Exercise — Print every line below exactly. Skip the pictures.

[Stored items]
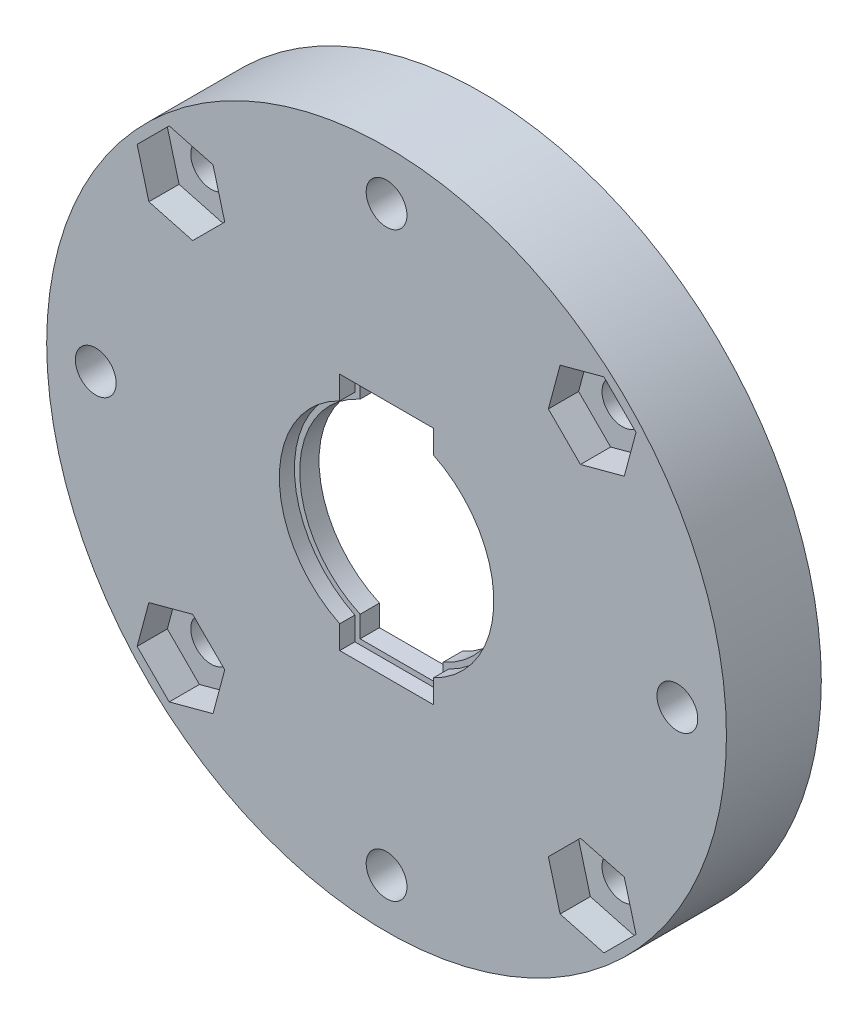
from build123d import *

# Parameters (mm, degrees)
SKETCH3_R           = 22.5
BOSS_EXTRUDE2_DEPTH = 1
SKETCH4_R           = 22.5
BOSS_EXTRUDE3_DEPTH = 5.28
SKETCH5_R           = 17.25
CUT_EXTRUDE1_DEPTH  = 4
CUT_EXTRUDE2_DEPTH  = 2
SKETCH8_R           = 1.35
CUT_EXTRUDE4_DEPTH  = 33.433599862
CIRPATTERN1_COUNT   = 4
CIRPATTERN2_COUNT   = 8


with BuildPart() as part:
    # Sketch3 → Boss-Extrude2 (new body)
    with BuildSketch(Plane.XY):
        Circle(SKETCH3_R)
        with BuildLine():
            Line((-3.099988, -6.387493593), (-3.099988, -7.924679))
            Line((-3.099988, -7.924679), (3.100012, -7.924679))
            Line((3.100012, -7.924679), (3.100012, -6.387481945))
            ThreePointArc((3.100012, -6.387481945), (7.1, 0), (3.100012, 6.387481945))
            Line((3.100012, 6.387481945), (3.100012, 7.924431))
            Line((3.100012, 7.924431), (-3.099988, 7.924431))
            Line((-3.099988, 7.924431), (-3.099988, 6.387493593))
            ThreePointArc((-3.099988, 6.387493593), (-7.1, 0), (-3.099988, -6.387493593))
        make_face(mode=Mode.SUBTRACT)
    extrude(amount=-BOSS_EXTRUDE2_DEPTH)

    # Sketch4 → Boss-Extrude3 (add)
    with BuildSketch(Plane(origin=(0, 0, -1), x_dir=(-1, 0, 0), z_dir=(0, 0, -1))):
        Circle(SKETCH4_R)
        with BuildLine():
            Line((2.749988, 6.164419356), (2.749988, 7.574431))
            Line((2.749988, 7.574431), (-2.750012, 7.574431))
            Line((-2.750012, 7.574431), (-2.750012, 6.16440865))
            ThreePointArc((-2.750012, 6.16440865), (-6.75, 0), (-2.750012, -6.16440865))
            Line((-2.750012, -6.16440865), (-2.750012, -7.574679))
            Line((-2.750012, -7.574679), (2.749988, -7.574679))
            Line((2.749988, -7.574679), (2.749988, -6.164419356))
            ThreePointArc((2.749988, -6.164419356), (6.75, 0), (2.749988, 6.164419356))
        make_face(mode=Mode.SUBTRACT)
    extrude(amount=BOSS_EXTRUDE3_DEPTH)

    # Sketch5 → Cut-Extrude1 (cut)
    with BuildSketch(Plane(origin=(0, 0, -6.28), x_dir=(-1, 0, 0), z_dir=(0, 0, -1))):
        Circle(SKETCH5_R)
    extrude(amount=-CUT_EXTRUDE1_DEPTH, mode=Mode.SUBTRACT)

    # Sketch6 → Cut-Extrude2 (cut)
    with BuildSketch(Plane.XY):
        Polygon((14.388837614, 16.511728724), (11.488914427, 15.734696648), (10.711882352, 12.834773462), (12.834773462, 10.711882352), (15.734696648, 11.488914427), (16.511728724, 14.388837614), align=None)
    cut_extrude2 = extrude(amount=-CUT_EXTRUDE2_DEPTH, mode=Mode.SUBTRACT)

    # Sketch8 → Cut-Extrude4 (cut, through all)
    with BuildSketch(Plane.XY):
        with Locations((13.611805538, 13.611805538)):
            Circle(SKETCH8_R)
    cut_extrude4 = extrude(amount=-CUT_EXTRUDE4_DEPTH, mode=Mode.SUBTRACT)

    # CirPattern1: Cut-Extrude2, Cut-Extrude4 ×4 about axis
    cirpattern1_axis = Axis((0, 0, -6.594), (0, 0, 1))
    add([cut_extrude2.rotate(cirpattern1_axis, i * 360 / CIRPATTERN1_COUNT) for i in range(1, CIRPATTERN1_COUNT)], mode=Mode.SUBTRACT)
    add([cut_extrude4.rotate(cirpattern1_axis, i * 360 / CIRPATTERN1_COUNT) for i in range(1, CIRPATTERN1_COUNT)], mode=Mode.SUBTRACT)

    # CirPattern2: Cut-Extrude4 ×8 about axis
    cirpattern2_axis = Axis((0, 0, -6.594), (0, 0, 1))
    for i in range(1, CIRPATTERN2_COUNT):
        add(cut_extrude4.rotate(cirpattern2_axis, i * 360 / CIRPATTERN2_COUNT), mode=Mode.SUBTRACT)


solid = part.part

Result of the exercise —
from build123d import *

# Parameters (mm, degrees)
SKETCH3_R           = 22.5
BOSS_EXTRUDE2_DEPTH = 1
SKETCH4_R           = 22.5
BOSS_EXTRUDE3_DEPTH = 5.28
SKETCH5_R           = 17.25
CUT_EXTRUDE1_DEPTH  = 4
CUT_EXTRUDE2_DEPTH  = 2
SKETCH8_R           = 1.35
CUT_EXTRUDE4_DEPTH  = 33.433599862
CIRPATTERN1_COUNT   = 4
CIRPATTERN2_COUNT   = 8


with BuildPart() as part:
    # Sketch3 → Boss-Extrude2 (new body)
    with BuildSketch(Plane.XY):
        Circle(SKETCH3_R)
        with BuildLine():
            Line((-3.099988, -6.387493593), (-3.099988, -7.924679))
            Line((-3.099988, -7.924679), (3.100012, -7.924679))
            Line((3.100012, -7.924679), (3.100012, -6.387481945))
            ThreePointArc((3.100012, -6.387481945), (7.1, 0), (3.100012, 6.387481945))
            Line((3.100012, 6.387481945), (3.100012, 7.924431))
            Line((3.100012, 7.924431), (-3.099988, 7.924431))
            Line((-3.099988, 7.924431), (-3.099988, 6.387493593))
            ThreePointArc((-3.099988, 6.387493593), (-7.1, 0), (-3.099988, -6.387493593))
        make_face(mode=Mode.SUBTRACT)
    extrude(amount=-BOSS_EXTRUDE2_DEPTH)

    # Sketch4 → Boss-Extrude3 (add)
    with BuildSketch(Plane(origin=(0, 0, -1), x_dir=(-1, 0, 0), z_dir=(0, 0, -1))):
        Circle(SKETCH4_R)
        with BuildLine():
            Line((2.749988, 6.164419356), (2.749988, 7.574431))
            Line((2.749988, 7.574431), (-2.750012, 7.574431))
            Line((-2.750012, 7.574431), (-2.750012, 6.16440865))
            ThreePointArc((-2.750012, 6.16440865), (-6.75, 0), (-2.750012, -6.16440865))
            Line((-2.750012, -6.16440865), (-2.750012, -7.574679))
            Line((-2.750012, -7.574679), (2.749988, -7.574679))
            Line((2.749988, -7.574679), (2.749988, -6.164419356))
            ThreePointArc((2.749988, -6.164419356), (6.75, 0), (2.749988, 6.164419356))
        make_face(mode=Mode.SUBTRACT)
    extrude(amount=BOSS_EXTRUDE3_DEPTH)

    # Sketch5 → Cut-Extrude1 (cut)
    with BuildSketch(Plane(origin=(0, 0, -6.28), x_dir=(-1, 0, 0), z_dir=(0, 0, -1))):
        Circle(SKETCH5_R)
    extrude(amount=-CUT_EXTRUDE1_DEPTH, mode=Mode.SUBTRACT)

    # Sketch6 → Cut-Extrude2 (cut)
    with BuildSketch(Plane.XY):
        Polygon((14.388837614, 16.511728724), (11.488914427, 15.734696648), (10.711882352, 12.834773462), (12.834773462, 10.711882352), (15.734696648, 11.488914427), (16.511728724, 14.388837614), align=None)
    cut_extrude2 = extrude(amount=-CUT_EXTRUDE2_DEPTH, mode=Mode.SUBTRACT)

    # Sketch8 → Cut-Extrude4 (cut, through all)
    with BuildSketch(Plane.XY):
        with Locations((13.611805538, 13.611805538)):
            Circle(SKETCH8_R)
    cut_extrude4 = extrude(amount=-CUT_EXTRUDE4_DEPTH, mode=Mode.SUBTRACT)

    # CirPattern1: Cut-Extrude2, Cut-Extrude4 ×4 about axis
    cirpattern1_axis = Axis((0, 0, -6.594), (0, 0, 1))
    add([cut_extrude2.rotate(cirpattern1_axis, i * 360 / CIRPATTERN1_COUNT) for i in range(1, CIRPATTERN1_COUNT)], mode=Mode.SUBTRACT)
    add([cut_extrude4.rotate(cirpattern1_axis, i * 360 / CIRPATTERN1_COUNT) for i in range(1, CIRPATTERN1_COUNT)], mode=Mode.SUBTRACT)

    # CirPattern2: Cut-Extrude4 ×8 about axis
    cirpattern2_axis = Axis((0, 0, -6.594), (0, 0, 1))
    for i in range(1, CIRPATTERN2_COUNT):
        add(cut_extrude4.rotate(cirpattern2_axis, i * 360 / CIRPATTERN2_COUNT), mode=Mode.SUBTRACT)


solid = part.part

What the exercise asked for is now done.